The poem employs direct language, which communicates the speaker’s despair and sense of powerlessness. Lines such as “I’ll choke upon / life’s bitter cast” and “No longer clutch / the same desires!” convey a strong emotional state, though some imagery remains abstract. More concrete or sensory details could deepen the reader’s engagement and distinguish the poem from more general expressions of sorrow.

The progression from external forces (“wind will rage”) to internal realizations (“Now I see / the truth of things”) is clear, but the poem’s narrative arc could be clarified further. The speaker’s transformation—from being held by “finite views” to relinquishing control—could be developed with more specificity. The phrase “not as King!” hints at lost power or status, which is intriguing, but the metaphor is not fully explored.

The final stanza returns to the theme of lost dreams and a significant “you,” suggesting a personal relationship as the source of the speaker’s grief. This emotional anchor could be introduced earlier or developed further to provide cohesion and depth.

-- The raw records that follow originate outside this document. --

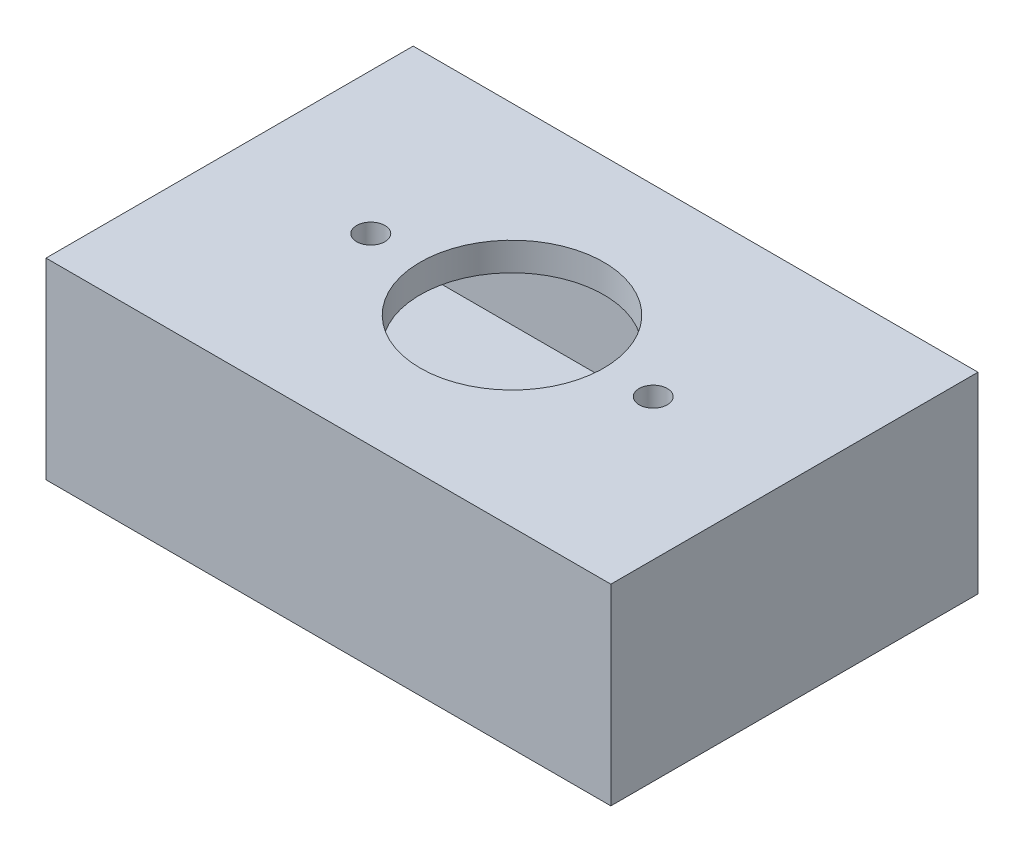
ISO-10303-21;
HEADER;
FILE_DESCRIPTION(('STEP AP214'),'2;1');
FILE_NAME('part.step','',(''),(''),'','','');
FILE_SCHEMA(('AUTOMOTIVE_DESIGN { 1 0 10303 214 1 1 1 1 }'));
ENDSEC;
DATA;
#1=APPLICATION_CONTEXT('core data for automotive mechanical design processes');
#2=APPLICATION_PROTOCOL_DEFINITION('international standard','automotive_design',2000,#1);
#3=PRODUCT_CONTEXT('',#1,'mechanical');
#4=PRODUCT('Part','Part','',(#3));
#5=PRODUCT_RELATED_PRODUCT_CATEGORY('part','',(#4));
#6=PRODUCT_DEFINITION_FORMATION('','',#4);
#7=PRODUCT_DEFINITION_CONTEXT('part definition',#1,'design');
#8=PRODUCT_DEFINITION('design','',#6,#7);
#9=PRODUCT_DEFINITION_SHAPE('','',#8);
#10=(LENGTH_UNIT() NAMED_UNIT(*) SI_UNIT(.MILLI.,.METRE.));
#11=(NAMED_UNIT(*) PLANE_ANGLE_UNIT() SI_UNIT($,.RADIAN.));
#12=(NAMED_UNIT(*) SI_UNIT($,.STERADIAN.) SOLID_ANGLE_UNIT());
#13=UNCERTAINTY_MEASURE_WITH_UNIT(LENGTH_MEASURE(1.E-05),#10,'distance_accuracy_value','');
#14=(GEOMETRIC_REPRESENTATION_CONTEXT(3) GLOBAL_UNCERTAINTY_ASSIGNED_CONTEXT((#13)) GLOBAL_UNIT_ASSIGNED_CONTEXT((#10,
#11,#12)) REPRESENTATION_CONTEXT('',''));
#15=CARTESIAN_POINT('',(0.,0.,0.));
#16=DIRECTION('',(0.,0.,1.));
#17=DIRECTION('',(1.,0.,0.));
#18=AXIS2_PLACEMENT_3D('',#15,#16,#17);
#19=CARTESIAN_POINT('',(0.,58.,0.));
#20=DIRECTION('',(0.,1.,0.));
#21=DIRECTION('',(0.,0.,1.));
#22=AXIS2_PLACEMENT_3D('',#19,#20,#21);
#23=PLANE('',#22);
#24=CARTESIAN_POINT('',(-50.,58.,0.));
#25=DIRECTION('',(0.,1.,0.));
#26=DIRECTION('',(0.,0.,1.));
#27=AXIS2_PLACEMENT_3D('',#24,#25,#26);
#28=CIRCLE('',#27,5.);
#29=CARTESIAN_POINT('',(-50.,58.,5.));
#30=VERTEX_POINT('',#29);
#31=EDGE_CURVE('E134',#30,#30,#28,.F.);
#32=ORIENTED_EDGE('',*,*,#31,.F.);
#33=EDGE_LOOP('',(#32));
#34=FACE_BOUND('',#33,.T.);
#35=CARTESIAN_POINT('',(50.,58.,0.));
#36=DIRECTION('',(0.,1.,0.));
#37=DIRECTION('',(0.,0.,1.));
#38=AXIS2_PLACEMENT_3D('',#35,#36,#37);
#39=CIRCLE('',#38,5.);
#40=CARTESIAN_POINT('',(50.,58.,5.));
#41=VERTEX_POINT('',#40);
#42=EDGE_CURVE('E446',#41,#41,#39,.F.);
#43=ORIENTED_EDGE('',*,*,#42,.F.);
#44=EDGE_LOOP('',(#43));
#45=FACE_BOUND('',#44,.T.);
#46=DIRECTION('',(0.,0.,-1.));
#47=VECTOR('',#46,1.);
#48=CARTESIAN_POINT('',(90.,58.,-65.));
#49=LINE('',#48,#47);
#50=CARTESIAN_POINT('',(90.,58.,55.));
#51=VERTEX_POINT('',#50);
#52=CARTESIAN_POINT('',(90.,58.,-55.));
#53=VERTEX_POINT('',#52);
#54=EDGE_CURVE('E211',#51,#53,#49,.T.);
#55=ORIENTED_EDGE('',*,*,#54,.F.);
#56=DIRECTION('',(1.,0.,0.));
#57=VECTOR('',#56,1.);
#58=CARTESIAN_POINT('',(-100.,58.,55.));
#59=LINE('',#58,#57);
#60=CARTESIAN_POINT('',(-90.,58.,55.));
#61=VERTEX_POINT('',#60);
#62=EDGE_CURVE('E196',#61,#51,#59,.T.);
#63=ORIENTED_EDGE('',*,*,#62,.F.);
#64=DIRECTION('',(0.,0.,1.));
#65=VECTOR('',#64,1.);
#66=CARTESIAN_POINT('',(-90.,58.,-65.));
#67=LINE('',#66,#65);
#68=CARTESIAN_POINT('',(-90.,58.,-55.));
#69=VERTEX_POINT('',#68);
#70=EDGE_CURVE('E219',#69,#61,#67,.T.);
#71=ORIENTED_EDGE('',*,*,#70,.F.);
#72=DIRECTION('',(-1.,0.,0.));
#73=VECTOR('',#72,1.);
#74=CARTESIAN_POINT('',(-100.,58.,-55.));
#75=LINE('',#74,#73);
#76=EDGE_CURVE('E215',#53,#69,#75,.T.);
#77=ORIENTED_EDGE('',*,*,#76,.F.);
#78=EDGE_LOOP('',(#55,#63,#71,#77));
#79=FACE_BOUND('',#78,.T.);
#80=CARTESIAN_POINT('',(0.,58.,0.));
#81=DIRECTION('',(0.,1.,0.));
#82=DIRECTION('',(0.,0.,1.));
#83=AXIS2_PLACEMENT_3D('',#80,#81,#82);
#84=CIRCLE('',#83,32.5);
#85=CARTESIAN_POINT('',(0.,58.,32.5));
#86=VERTEX_POINT('',#85);
#87=EDGE_CURVE('E441',#86,#86,#84,.F.);
#88=ORIENTED_EDGE('',*,*,#87,.F.);
#89=EDGE_LOOP('',(#88));
#90=FACE_BOUND('',#89,.T.);
#91=ADVANCED_FACE('F45',(#34,#45,#79,#90),#23,.F.);
#92=CARTESIAN_POINT('',(100.,58.,-65.));
#93=DIRECTION('',(-1.,0.,0.));
#94=DIRECTION('',(0.,0.,1.));
#95=AXIS2_PLACEMENT_3D('',#92,#93,#94);
#96=PLANE('',#95);
#97=DIRECTION('',(0.,0.,-1.));
#98=VECTOR('',#97,1.);
#99=CARTESIAN_POINT('',(100.,0.,-65.));
#100=LINE('',#99,#98);
#101=CARTESIAN_POINT('',(100.,0.,65.));
#102=VERTEX_POINT('',#101);
#103=CARTESIAN_POINT('',(100.,0.,-65.));
#104=VERTEX_POINT('',#103);
#105=EDGE_CURVE('E189',#102,#104,#100,.T.);
#106=ORIENTED_EDGE('',*,*,#105,.T.);
#107=DIRECTION('',(0.,-1.,0.));
#108=VECTOR('',#107,1.);
#109=CARTESIAN_POINT('',(100.,58.,-65.));
#110=LINE('',#109,#108);
#111=CARTESIAN_POINT('',(100.,68.,-65.));
#112=VERTEX_POINT('',#111);
#113=EDGE_CURVE('E11',#112,#104,#110,.T.);
#114=ORIENTED_EDGE('',*,*,#113,.F.);
#115=DIRECTION('',(0.,0.,-1.));
#116=VECTOR('',#115,1.);
#117=CARTESIAN_POINT('',(100.,68.,65.));
#118=LINE('',#117,#116);
#119=CARTESIAN_POINT('',(100.,68.,65.));
#120=VERTEX_POINT('',#119);
#121=EDGE_CURVE('E122',#120,#112,#118,.T.);
#122=ORIENTED_EDGE('',*,*,#121,.F.);
#123=DIRECTION('',(0.,-1.,0.));
#124=VECTOR('',#123,1.);
#125=CARTESIAN_POINT('',(100.,58.,65.));
#126=LINE('',#125,#124);
#127=EDGE_CURVE('E110',#120,#102,#126,.T.);
#128=ORIENTED_EDGE('',*,*,#127,.T.);
#129=EDGE_LOOP('',(#106,#114,#122,#128));
#130=FACE_BOUND('',#129,.T.);
#131=ADVANCED_FACE('F47',(#130),#96,.F.);
#132=CARTESIAN_POINT('',(-100.,58.,-65.));
#133=DIRECTION('',(0.,0.,1.));
#134=DIRECTION('',(1.,0.,0.));
#135=AXIS2_PLACEMENT_3D('',#132,#133,#134);
#136=PLANE('',#135);
#137=DIRECTION('',(-1.,0.,0.));
#138=VECTOR('',#137,1.);
#139=CARTESIAN_POINT('',(-100.,0.,-65.));
#140=LINE('',#139,#138);
#141=CARTESIAN_POINT('',(-100.,0.,-65.));
#142=VERTEX_POINT('',#141);
#143=EDGE_CURVE('E228',#104,#142,#140,.T.);
#144=ORIENTED_EDGE('',*,*,#143,.T.);
#145=DIRECTION('',(0.,-1.,0.));
#146=VECTOR('',#145,1.);
#147=CARTESIAN_POINT('',(-100.,58.,-65.));
#148=LINE('',#147,#146);
#149=CARTESIAN_POINT('',(-100.,68.,-65.));
#150=VERTEX_POINT('',#149);
#151=EDGE_CURVE('E54',#150,#142,#148,.T.);
#152=ORIENTED_EDGE('',*,*,#151,.F.);
#153=DIRECTION('',(-1.,0.,0.));
#154=VECTOR('',#153,1.);
#155=CARTESIAN_POINT('',(100.,68.,-65.));
#156=LINE('',#155,#154);
#157=EDGE_CURVE('E127',#112,#150,#156,.T.);
#158=ORIENTED_EDGE('',*,*,#157,.F.);
#159=ORIENTED_EDGE('',*,*,#113,.T.);
#160=EDGE_LOOP('',(#144,#152,#158,#159));
#161=FACE_BOUND('',#160,.T.);
#162=ADVANCED_FACE('F241',(#161),#136,.F.);
#163=CARTESIAN_POINT('',(-100.,58.,-65.));
#164=DIRECTION('',(1.,0.,0.));
#165=DIRECTION('',(0.,0.,-1.));
#166=AXIS2_PLACEMENT_3D('',#163,#164,#165);
#167=PLANE('',#166);
#168=DIRECTION('',(0.,0.,1.));
#169=VECTOR('',#168,1.);
#170=CARTESIAN_POINT('',(-100.,0.,-65.));
#171=LINE('',#170,#169);
#172=CARTESIAN_POINT('',(-100.,0.,65.));
#173=VERTEX_POINT('',#172);
#174=EDGE_CURVE('E69',#142,#173,#171,.T.);
#175=ORIENTED_EDGE('',*,*,#174,.T.);
#176=DIRECTION('',(0.,-1.,0.));
#177=VECTOR('',#176,1.);
#178=CARTESIAN_POINT('',(-100.,58.,65.));
#179=LINE('',#178,#177);
#180=CARTESIAN_POINT('',(-100.,68.,65.));
#181=VERTEX_POINT('',#180);
#182=EDGE_CURVE('E119',#181,#173,#179,.T.);
#183=ORIENTED_EDGE('',*,*,#182,.F.);
#184=DIRECTION('',(0.,0.,1.));
#185=VECTOR('',#184,1.);
#186=CARTESIAN_POINT('',(-100.,68.,-65.));
#187=LINE('',#186,#185);
#188=EDGE_CURVE('E132',#150,#181,#187,.T.);
#189=ORIENTED_EDGE('',*,*,#188,.F.);
#190=ORIENTED_EDGE('',*,*,#151,.T.);
#191=EDGE_LOOP('',(#175,#183,#189,#190));
#192=FACE_BOUND('',#191,.T.);
#193=ADVANCED_FACE('F237',(#192),#167,.F.);
#194=CARTESIAN_POINT('',(-100.,58.,65.));
#195=DIRECTION('',(0.,0.,-1.));
#196=DIRECTION('',(-1.,0.,0.));
#197=AXIS2_PLACEMENT_3D('',#194,#195,#196);
#198=PLANE('',#197);
#199=DIRECTION('',(1.,0.,0.));
#200=VECTOR('',#199,1.);
#201=CARTESIAN_POINT('',(-100.,0.,65.));
#202=LINE('',#201,#200);
#203=EDGE_CURVE('E61',#173,#102,#202,.T.);
#204=ORIENTED_EDGE('',*,*,#203,.T.);
#205=ORIENTED_EDGE('',*,*,#127,.F.);
#206=DIRECTION('',(1.,0.,0.));
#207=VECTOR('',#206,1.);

Attention to punctuation and capitalization would improve clarity and consistency. For example, the line “I lie in bed. / and hope to die.” contains a period where a line break might suffice, and the lowercase “and” disrupts the flow.

Overall, the poem effectively conveys a mood of autumnal melancholy and existential loss. Greater specificity in imagery, careful punctuation, and a more developed narrative arc would strengthen its impact.